DIRECTIONS:
The answer should match the entries that follow exactly, except that no image appears in it.

Dataset records:
□ □ □ □ □
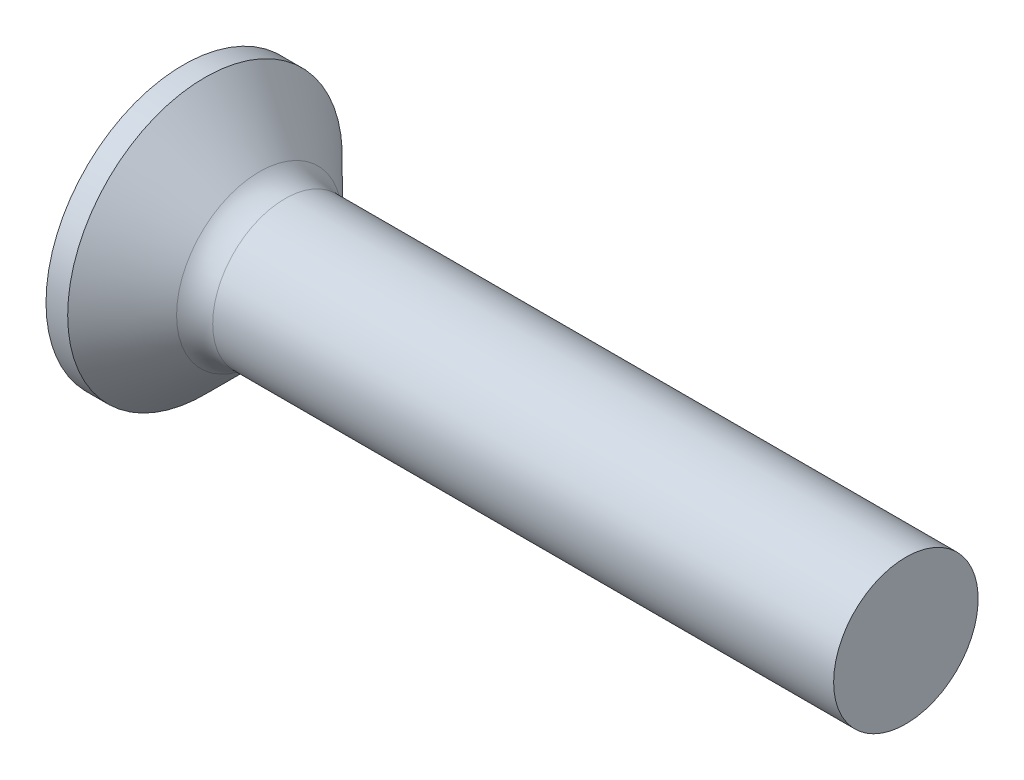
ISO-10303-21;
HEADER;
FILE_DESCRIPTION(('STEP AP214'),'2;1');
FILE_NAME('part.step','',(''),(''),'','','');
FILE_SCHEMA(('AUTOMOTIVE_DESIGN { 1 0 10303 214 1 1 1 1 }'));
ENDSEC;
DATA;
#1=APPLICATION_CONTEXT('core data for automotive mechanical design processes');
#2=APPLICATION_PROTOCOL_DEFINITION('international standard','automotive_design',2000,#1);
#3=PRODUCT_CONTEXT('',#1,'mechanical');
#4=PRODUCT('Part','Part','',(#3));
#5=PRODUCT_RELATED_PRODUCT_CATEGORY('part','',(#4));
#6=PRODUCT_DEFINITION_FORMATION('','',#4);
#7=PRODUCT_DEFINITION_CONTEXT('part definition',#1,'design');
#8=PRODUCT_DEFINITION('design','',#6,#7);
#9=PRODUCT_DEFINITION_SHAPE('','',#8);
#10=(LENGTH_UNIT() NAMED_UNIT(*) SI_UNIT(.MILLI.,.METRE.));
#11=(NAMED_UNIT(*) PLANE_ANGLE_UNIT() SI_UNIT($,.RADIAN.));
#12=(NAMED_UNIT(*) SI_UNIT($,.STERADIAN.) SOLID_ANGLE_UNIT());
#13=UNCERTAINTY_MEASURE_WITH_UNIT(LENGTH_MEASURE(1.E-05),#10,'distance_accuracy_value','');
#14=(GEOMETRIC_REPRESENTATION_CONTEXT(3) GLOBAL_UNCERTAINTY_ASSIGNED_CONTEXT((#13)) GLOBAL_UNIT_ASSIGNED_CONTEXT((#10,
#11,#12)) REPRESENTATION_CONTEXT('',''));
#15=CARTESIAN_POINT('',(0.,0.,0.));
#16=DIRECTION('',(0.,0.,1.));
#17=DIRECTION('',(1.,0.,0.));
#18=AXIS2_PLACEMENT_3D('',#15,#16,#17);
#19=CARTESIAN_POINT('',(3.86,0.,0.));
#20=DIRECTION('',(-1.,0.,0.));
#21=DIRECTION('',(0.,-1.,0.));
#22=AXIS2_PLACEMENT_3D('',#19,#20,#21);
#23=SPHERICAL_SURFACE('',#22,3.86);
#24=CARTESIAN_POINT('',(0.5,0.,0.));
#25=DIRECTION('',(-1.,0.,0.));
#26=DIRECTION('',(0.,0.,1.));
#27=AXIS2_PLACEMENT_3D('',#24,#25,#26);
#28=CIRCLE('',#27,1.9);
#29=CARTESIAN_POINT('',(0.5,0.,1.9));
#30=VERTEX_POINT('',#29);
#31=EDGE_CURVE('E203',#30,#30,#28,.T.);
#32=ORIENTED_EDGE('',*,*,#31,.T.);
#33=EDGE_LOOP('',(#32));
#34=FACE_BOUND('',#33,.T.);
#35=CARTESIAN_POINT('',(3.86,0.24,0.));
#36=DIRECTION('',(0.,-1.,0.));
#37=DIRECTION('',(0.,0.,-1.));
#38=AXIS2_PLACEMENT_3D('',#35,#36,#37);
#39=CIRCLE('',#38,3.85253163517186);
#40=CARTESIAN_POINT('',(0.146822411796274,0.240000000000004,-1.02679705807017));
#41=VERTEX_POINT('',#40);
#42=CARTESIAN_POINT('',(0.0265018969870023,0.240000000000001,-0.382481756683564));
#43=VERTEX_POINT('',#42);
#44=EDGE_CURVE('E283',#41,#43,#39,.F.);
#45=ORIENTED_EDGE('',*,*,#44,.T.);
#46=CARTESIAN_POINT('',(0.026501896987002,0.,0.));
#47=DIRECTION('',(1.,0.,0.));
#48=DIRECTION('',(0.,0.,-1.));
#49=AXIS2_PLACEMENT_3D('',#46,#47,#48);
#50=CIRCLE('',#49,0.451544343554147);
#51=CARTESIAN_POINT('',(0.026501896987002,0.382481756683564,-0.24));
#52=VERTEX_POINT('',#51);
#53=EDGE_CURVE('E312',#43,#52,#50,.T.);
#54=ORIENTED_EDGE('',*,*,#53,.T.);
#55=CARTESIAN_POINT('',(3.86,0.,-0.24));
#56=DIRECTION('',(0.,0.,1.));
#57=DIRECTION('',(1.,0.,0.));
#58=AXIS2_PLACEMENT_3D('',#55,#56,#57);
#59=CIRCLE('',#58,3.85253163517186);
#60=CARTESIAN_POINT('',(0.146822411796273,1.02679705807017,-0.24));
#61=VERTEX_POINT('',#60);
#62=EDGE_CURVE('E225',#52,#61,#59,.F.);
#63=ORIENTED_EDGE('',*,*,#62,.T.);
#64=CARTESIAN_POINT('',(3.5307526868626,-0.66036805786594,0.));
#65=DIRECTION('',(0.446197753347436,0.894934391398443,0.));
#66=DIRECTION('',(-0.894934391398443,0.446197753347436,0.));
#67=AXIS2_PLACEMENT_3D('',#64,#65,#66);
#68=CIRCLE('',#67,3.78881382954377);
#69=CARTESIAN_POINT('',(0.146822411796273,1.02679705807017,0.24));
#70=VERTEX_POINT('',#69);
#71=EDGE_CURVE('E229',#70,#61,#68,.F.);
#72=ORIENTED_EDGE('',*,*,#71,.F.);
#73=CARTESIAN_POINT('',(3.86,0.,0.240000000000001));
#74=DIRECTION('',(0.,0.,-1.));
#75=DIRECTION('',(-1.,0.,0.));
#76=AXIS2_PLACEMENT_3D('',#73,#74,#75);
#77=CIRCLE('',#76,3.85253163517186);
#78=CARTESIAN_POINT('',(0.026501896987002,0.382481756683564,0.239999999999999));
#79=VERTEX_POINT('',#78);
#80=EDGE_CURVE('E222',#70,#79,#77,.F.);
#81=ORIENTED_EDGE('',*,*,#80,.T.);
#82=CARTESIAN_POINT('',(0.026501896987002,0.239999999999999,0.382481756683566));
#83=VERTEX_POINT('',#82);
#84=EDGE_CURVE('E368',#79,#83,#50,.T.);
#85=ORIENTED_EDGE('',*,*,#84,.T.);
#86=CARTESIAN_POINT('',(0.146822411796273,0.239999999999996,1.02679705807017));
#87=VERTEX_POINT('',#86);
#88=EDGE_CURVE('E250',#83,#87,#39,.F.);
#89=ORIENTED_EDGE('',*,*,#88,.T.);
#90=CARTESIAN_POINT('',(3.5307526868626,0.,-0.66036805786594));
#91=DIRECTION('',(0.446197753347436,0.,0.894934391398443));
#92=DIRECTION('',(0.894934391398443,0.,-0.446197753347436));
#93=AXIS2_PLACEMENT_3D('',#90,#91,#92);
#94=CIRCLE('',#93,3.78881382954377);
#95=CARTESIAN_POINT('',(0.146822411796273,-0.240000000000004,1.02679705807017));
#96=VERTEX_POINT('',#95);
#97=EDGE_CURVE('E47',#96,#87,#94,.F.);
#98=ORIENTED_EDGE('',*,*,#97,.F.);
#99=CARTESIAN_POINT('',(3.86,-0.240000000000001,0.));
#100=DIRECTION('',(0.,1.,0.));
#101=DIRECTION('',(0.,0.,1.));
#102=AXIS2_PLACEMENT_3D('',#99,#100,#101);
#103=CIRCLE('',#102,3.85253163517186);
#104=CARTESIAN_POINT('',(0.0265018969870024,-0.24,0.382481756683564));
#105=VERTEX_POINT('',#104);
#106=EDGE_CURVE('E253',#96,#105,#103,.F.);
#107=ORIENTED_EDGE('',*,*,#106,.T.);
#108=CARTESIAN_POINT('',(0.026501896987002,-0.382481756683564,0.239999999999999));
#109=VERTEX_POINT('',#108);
□ □ □ □ □
EXPECTED ANSWER:
ISO-10303-21;
HEADER;
FILE_DESCRIPTION(('STEP AP214'),'2;1');
FILE_NAME('part.step','',(''),(''),'','','');
FILE_SCHEMA(('AUTOMOTIVE_DESIGN { 1 0 10303 214 1 1 1 1 }'));
ENDSEC;
DATA;
#1=APPLICATION_CONTEXT('core data for automotive mechanical design processes');
#2=APPLICATION_PROTOCOL_DEFINITION('international standard','automotive_design',2000,#1);
#3=PRODUCT_CONTEXT('',#1,'mechanical');
#4=PRODUCT('Part','Part','',(#3));
#5=PRODUCT_RELATED_PRODUCT_CATEGORY('part','',(#4));
#6=PRODUCT_DEFINITION_FORMATION('','',#4);
#7=PRODUCT_DEFINITION_CONTEXT('part definition',#1,'design');
#8=PRODUCT_DEFINITION('design','',#6,#7);
#9=PRODUCT_DEFINITION_SHAPE('','',#8);
#10=(LENGTH_UNIT() NAMED_UNIT(*) SI_UNIT(.MILLI.,.METRE.));
#11=(NAMED_UNIT(*) PLANE_ANGLE_UNIT() SI_UNIT($,.RADIAN.));
#12=(NAMED_UNIT(*) SI_UNIT($,.STERADIAN.) SOLID_ANGLE_UNIT());
#13=UNCERTAINTY_MEASURE_WITH_UNIT(LENGTH_MEASURE(1.E-05),#10,'distance_accuracy_value','');
#14=(GEOMETRIC_REPRESENTATION_CONTEXT(3) GLOBAL_UNCERTAINTY_ASSIGNED_CONTEXT((#13)) GLOBAL_UNIT_ASSIGNED_CONTEXT((#10,
#11,#12)) REPRESENTATION_CONTEXT('',''));
#15=CARTESIAN_POINT('',(0.,0.,0.));
#16=DIRECTION('',(0.,0.,1.));
#17=DIRECTION('',(1.,0.,0.));
#18=AXIS2_PLACEMENT_3D('',#15,#16,#17);
#19=CARTESIAN_POINT('',(3.86,0.,0.));
#20=DIRECTION('',(-1.,0.,0.));
#21=DIRECTION('',(0.,-1.,0.));
#22=AXIS2_PLACEMENT_3D('',#19,#20,#21);
#23=SPHERICAL_SURFACE('',#22,3.86);
#24=CARTESIAN_POINT('',(0.5,0.,0.));
#25=DIRECTION('',(-1.,0.,0.));
#26=DIRECTION('',(0.,0.,1.));
#27=AXIS2_PLACEMENT_3D('',#24,#25,#26);
#28=CIRCLE('',#27,1.9);
#29=CARTESIAN_POINT('',(0.5,0.,1.9));
#30=VERTEX_POINT('',#29);
#31=EDGE_CURVE('E203',#30,#30,#28,.T.);
#32=ORIENTED_EDGE('',*,*,#31,.T.);
#33=EDGE_LOOP('',(#32));
#34=FACE_BOUND('',#33,.T.);
#35=CARTESIAN_POINT('',(3.86,0.24,0.));
#36=DIRECTION('',(0.,-1.,0.));
#37=DIRECTION('',(0.,0.,-1.));
#38=AXIS2_PLACEMENT_3D('',#35,#36,#37);
#39=CIRCLE('',#38,3.85253163517186);
#40=CARTESIAN_POINT('',(0.146822411796274,0.240000000000004,-1.02679705807017));
#41=VERTEX_POINT('',#40);
#42=CARTESIAN_POINT('',(0.0265018969870023,0.240000000000001,-0.382481756683564));
#43=VERTEX_POINT('',#42);
#44=EDGE_CURVE('E283',#41,#43,#39,.F.);
#45=ORIENTED_EDGE('',*,*,#44,.T.);
#46=CARTESIAN_POINT('',(0.026501896987002,0.,0.));
#47=DIRECTION('',(1.,0.,0.));
#48=DIRECTION('',(0.,0.,-1.));
#49=AXIS2_PLACEMENT_3D('',#46,#47,#48);
#50=CIRCLE('',#49,0.451544343554147);
#51=CARTESIAN_POINT('',(0.026501896987002,0.382481756683564,-0.24));
#52=VERTEX_POINT('',#51);
#53=EDGE_CURVE('E312',#43,#52,#50,.T.);
#54=ORIENTED_EDGE('',*,*,#53,.T.);
#55=CARTESIAN_POINT('',(3.86,0.,-0.24));
#56=DIRECTION('',(0.,0.,1.));
#57=DIRECTION('',(1.,0.,0.));
#58=AXIS2_PLACEMENT_3D('',#55,#56,#57);
#59=CIRCLE('',#58,3.85253163517186);
#60=CARTESIAN_POINT('',(0.146822411796273,1.02679705807017,-0.24));
#61=VERTEX_POINT('',#60);
#62=EDGE_CURVE('E225',#52,#61,#59,.F.);
#63=ORIENTED_EDGE('',*,*,#62,.T.);
#64=CARTESIAN_POINT('',(3.5307526868626,-0.66036805786594,0.));
#65=DIRECTION('',(0.446197753347436,0.894934391398443,0.));
#66=DIRECTION('',(-0.894934391398443,0.446197753347436,0.));
#67=AXIS2_PLACEMENT_3D('',#64,#65,#66);
#68=CIRCLE('',#67,3.78881382954377);
#69=CARTESIAN_POINT('',(0.146822411796273,1.02679705807017,0.24));
#70=VERTEX_POINT('',#69);
#71=EDGE_CURVE('E229',#70,#61,#68,.F.);
#72=ORIENTED_EDGE('',*,*,#71,.F.);
#73=CARTESIAN_POINT('',(3.86,0.,0.240000000000001));
#74=DIRECTION('',(0.,0.,-1.));
#75=DIRECTION('',(-1.,0.,0.));
#76=AXIS2_PLACEMENT_3D('',#73,#74,#75);
#77=CIRCLE('',#76,3.85253163517186);
#78=CARTESIAN_POINT('',(0.026501896987002,0.382481756683564,0.239999999999999));
#79=VERTEX_POINT('',#78);
#80=EDGE_CURVE('E222',#70,#79,#77,.F.);
#81=ORIENTED_EDGE('',*,*,#80,.T.);
#82=CARTESIAN_POINT('',(0.026501896987002,0.239999999999999,0.382481756683566));
#83=VERTEX_POINT('',#82);
#84=EDGE_CURVE('E368',#79,#83,#50,.T.);
#85=ORIENTED_EDGE('',*,*,#84,.T.);
#86=CARTESIAN_POINT('',(0.146822411796273,0.239999999999996,1.02679705807017));
#87=VERTEX_POINT('',#86);
#88=EDGE_CURVE('E250',#83,#87,#39,.F.);
#89=ORIENTED_EDGE('',*,*,#88,.T.);
#90=CARTESIAN_POINT('',(3.5307526868626,0.,-0.66036805786594));
#91=DIRECTION('',(0.446197753347436,0.,0.894934391398443));
#92=DIRECTION('',(0.894934391398443,0.,-0.446197753347436));
#93=AXIS2_PLACEMENT_3D('',#90,#91,#92);
#94=CIRCLE('',#93,3.78881382954377);
#95=CARTESIAN_POINT('',(0.146822411796273,-0.240000000000004,1.02679705807017));
#96=VERTEX_POINT('',#95);
#97=EDGE_CURVE('E47',#96,#87,#94,.F.);
#98=ORIENTED_EDGE('',*,*,#97,.F.);
#99=CARTESIAN_POINT('',(3.86,-0.240000000000001,0.));
#100=DIRECTION('',(0.,1.,0.));
#101=DIRECTION('',(0.,0.,1.));
#102=AXIS2_PLACEMENT_3D('',#99,#100,#101);
#103=CIRCLE('',#102,3.85253163517186);
#104=CARTESIAN_POINT('',(0.0265018969870024,-0.24,0.382481756683564));
#105=VERTEX_POINT('',#104);
#106=EDGE_CURVE('E253',#96,#105,#103,.F.);
#107=ORIENTED_EDGE('',*,*,#106,.T.);
#108=CARTESIAN_POINT('',(0.026501896987002,-0.382481756683564,0.239999999999999));
#109=VERTEX_POINT('',#108);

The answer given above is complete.